Reproduce the data below in full and exclude every picture.

[Stored records]
= = =

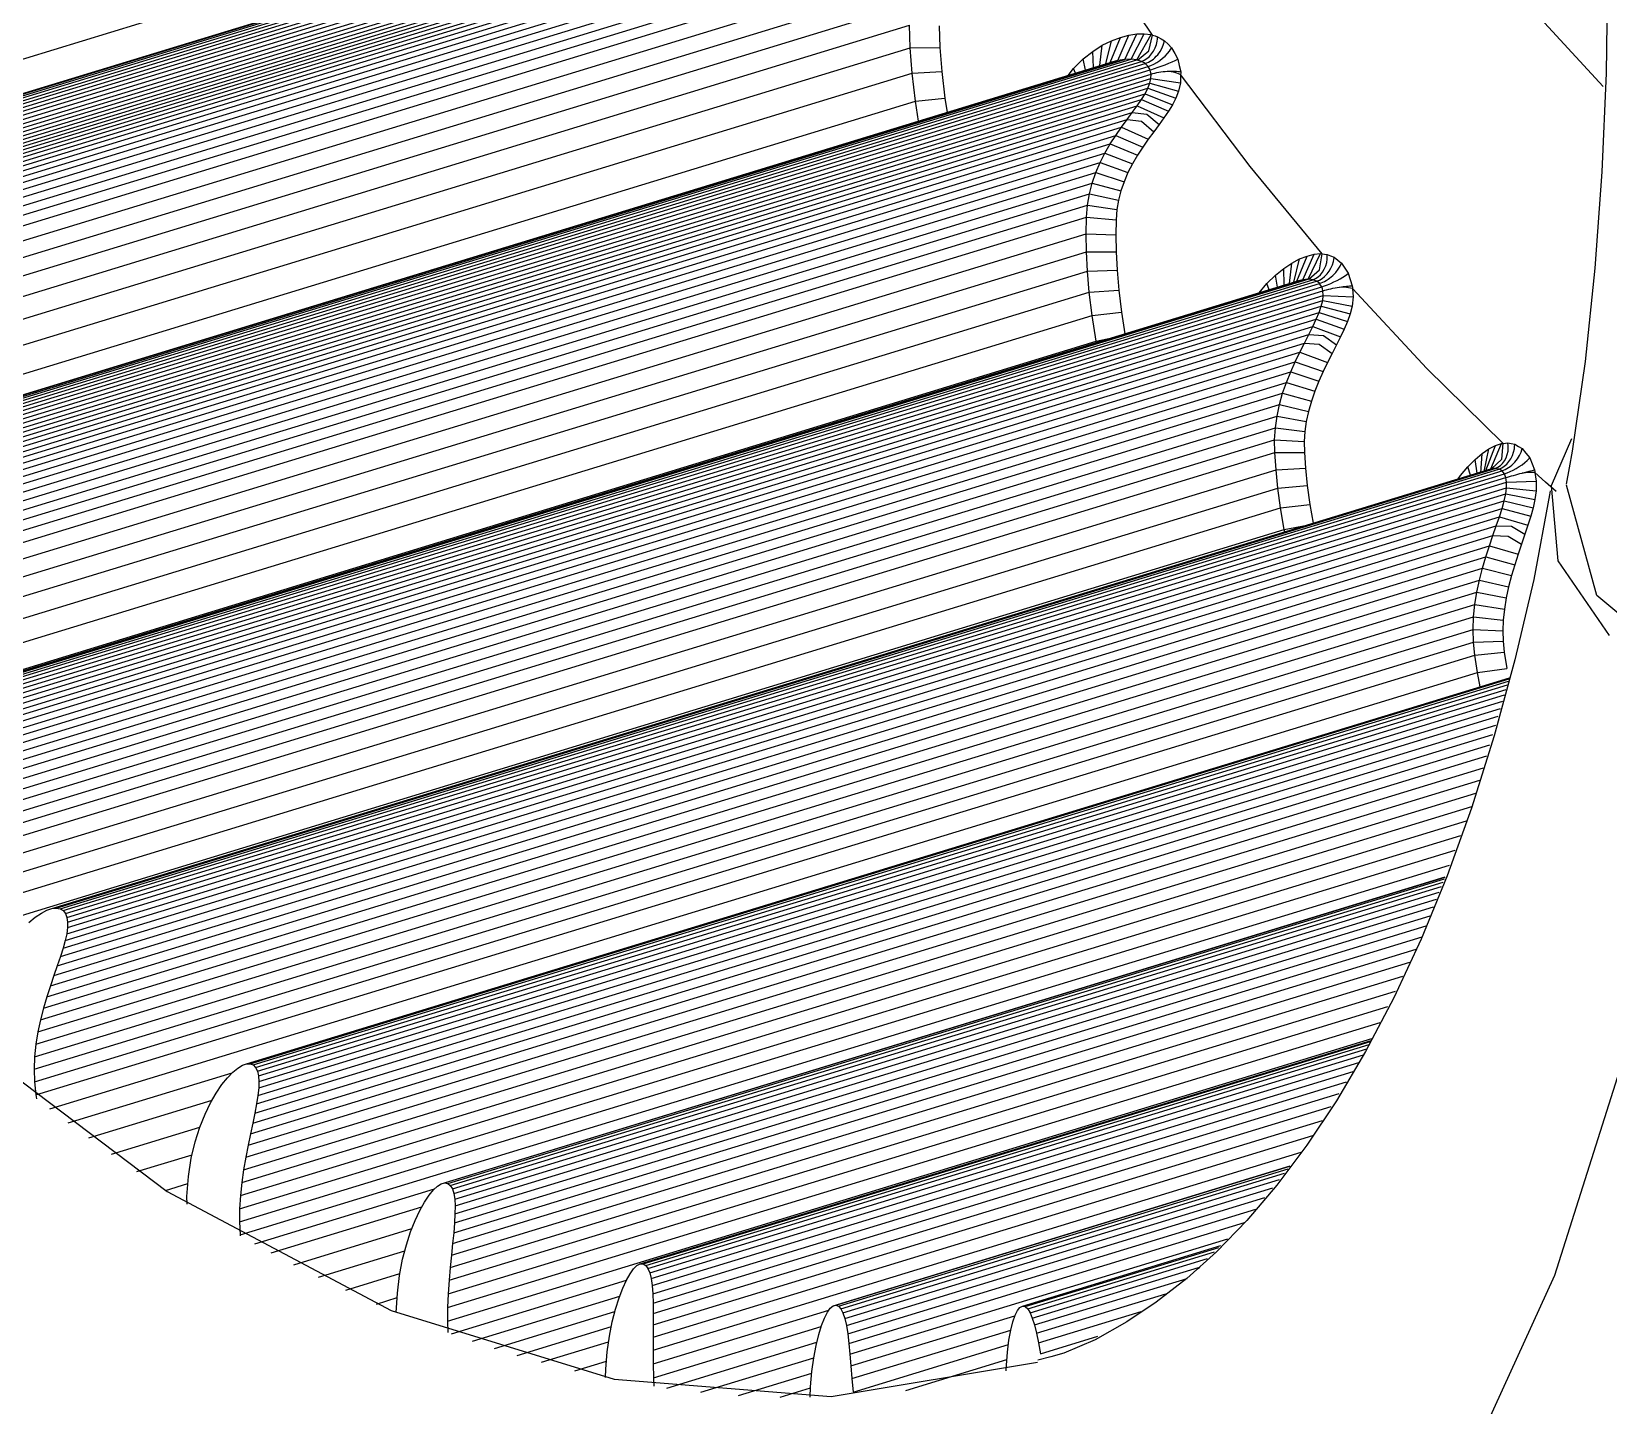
# Model space of a CAD drawing. Extents: x 594 to 813, y 174 to 240.
# Drawn here: x 735.7706 to 736.0578, y 231.0848 to 231.335 of the extents above; entities that cross this region are included whole.
import ezdxf

# ---------------------------------------------------------------- set-up
doc = ezdxf.new("R2010")
doc.units = 0
doc.header["$MEASUREMENT"] = 0
doc.layers.add('AC.REF(S). PIPING', color=3, linetype='CONTINUOUS', lineweight=30)
doc.layers.add('LG-AIRCON', color=3, linetype='CONTINUOUS')

# ---------------------------------------------------------------- blocks, each defined once
blk = doc.blocks.new('B1-Low Static-Isometric')
at = {"layer": 'LG-AIRCON', "color": 252, "linetype": 'Continuous'}
for p, q in [((4556.114, 4499.638), (4578.838, 4506.581)), ((4556.115, 4499.628), (4579.006, 4506.621)), ((4556.119, 4499.602), (4579.165, 4506.643)), ((4556.124, 4499.563), (4579.313, 4506.648)), ((4556.131, 4499.515), (4579.447, 4506.639)), ((4556.138, 4499.459), (4579.566, 4506.617)), ((4556.146, 4499.396), (4579.669, 4506.583)), ((4556.155, 4499.33), (4579.755, 4506.54)), ((4556.164, 4499.259), (4579.822, 4506.488)), ((4556.174, 4499.186), (4579.872, 4506.427)), ((4556.034, 4500.244), (4575.475, 4506.183)), ((4556.184, 4499.111), (4579.902, 4506.358)), ((4556.194, 4499.037), (4579.912, 4506.284)), ((4556.203, 4498.967), (4579.903, 4506.208)), ((4556.212, 4498.9), (4579.876, 4506.13)), ((4556.22, 4498.836), (4579.83, 4506.049)), ((4556.229, 4498.774), (4579.767, 4505.966)), ((4556.236, 4498.714), (4579.689, 4505.879)), ((4556.245, 4498.653), (4579.598, 4505.788)), ((4556.253, 4498.59), (4579.496, 4505.691)), ((4556.262, 4498.524), (4579.385, 4505.589)), ((4556.271, 4498.452), (4579.269, 4505.479)), ((4556.282, 4498.374), (4579.149, 4505.361)), ((4556.293, 4498.287), (4579.031, 4505.234)), ((4556.306, 4498.19), (4578.915, 4505.098)), ((4556.32, 4498.081), (4578.807, 4504.951)), ((4556.336, 4497.96), (4578.709, 4504.795)), ((4591.027, 4501.638), (4587.988, 4504.944)), ((4556.354, 4497.825), (4578.625, 4504.63)), ((4556.373, 4497.677), (4578.555, 4504.454)), ((4556.395, 4497.513), (4578.5, 4504.266)), ((4582.817, 4502.574), (4581.61, 4504.365)), ((4556.42, 4497.325), (4578.462, 4504.06)), ((4556.455, 4497.061), (4578.43, 4503.775)), ((4556.493, 4496.771), (4578.406, 4503.466)), ((4556.535, 4496.448), (4578.392, 4503.126)), ((4556.565, 4496.084), (4578.391, 4502.753)), ((4578.406, 4502.339), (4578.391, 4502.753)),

= = =

**Task response:**
# Model space of a CAD drawing. Extents: x 594 to 813, y 174 to 240.
# Drawn here: x 735.7706 to 736.0578, y 231.0848 to 231.335 of the extents above; entities that cross this region are included whole.
import ezdxf

# ---------------------------------------------------------------- set-up
doc = ezdxf.new("R2010")
doc.units = 0
doc.header["$MEASUREMENT"] = 0
doc.layers.add('AC.REF(S). PIPING', color=3, linetype='CONTINUOUS', lineweight=30)
doc.layers.add('LG-AIRCON', color=3, linetype='CONTINUOUS')

# ---------------------------------------------------------------- blocks, each defined once
blk = doc.blocks.new('B1-Low Static-Isometric')
at = {"layer": 'LG-AIRCON', "color": 252, "linetype": 'Continuous'}
for p, q in [((4556.114, 4499.638), (4578.838, 4506.581)), ((4556.115, 4499.628), (4579.006, 4506.621)), ((4556.119, 4499.602), (4579.165, 4506.643)), ((4556.124, 4499.563), (4579.313, 4506.648)), ((4556.131, 4499.515), (4579.447, 4506.639)), ((4556.138, 4499.459), (4579.566, 4506.617)), ((4556.146, 4499.396), (4579.669, 4506.583)), ((4556.155, 4499.33), (4579.755, 4506.54)), ((4556.164, 4499.259), (4579.822, 4506.488)), ((4556.174, 4499.186), (4579.872, 4506.427)), ((4556.034, 4500.244), (4575.475, 4506.183)), ((4556.184, 4499.111), (4579.902, 4506.358)), ((4556.194, 4499.037), (4579.912, 4506.284)), ((4556.203, 4498.967), (4579.903, 4506.208)), ((4556.212, 4498.9), (4579.876, 4506.13)), ((4556.22, 4498.836), (4579.83, 4506.049)), ((4556.229, 4498.774), (4579.767, 4505.966)), ((4556.236, 4498.714), (4579.689, 4505.879)), ((4556.245, 4498.653), (4579.598, 4505.788)), ((4556.253, 4498.59), (4579.496, 4505.691)), ((4556.262, 4498.524), (4579.385, 4505.589)), ((4556.271, 4498.452), (4579.269, 4505.479)), ((4556.282, 4498.374), (4579.149, 4505.361)), ((4556.293, 4498.287), (4579.031, 4505.234)), ((4556.306, 4498.19), (4578.915, 4505.098)), ((4556.32, 4498.081), (4578.807, 4504.951)), ((4556.336, 4497.96), (4578.709, 4504.795)), ((4591.027, 4501.638), (4587.988, 4504.944)), ((4556.354, 4497.825), (4578.625, 4504.63)), ((4556.373, 4497.677), (4578.555, 4504.454)), ((4556.395, 4497.513), (4578.5, 4504.266)), ((4582.817, 4502.574), (4581.61, 4504.365)), ((4556.42, 4497.325), (4578.462, 4504.06)), ((4556.455, 4497.061), (4578.43, 4503.775)), ((4556.493, 4496.771), (4578.406, 4503.466)), ((4556.535, 4496.448), (4578.392, 4503.126)), ((4556.565, 4496.084), (4578.391, 4502.753)), ((4578.406, 4502.339), (4578.391, 4502.753)),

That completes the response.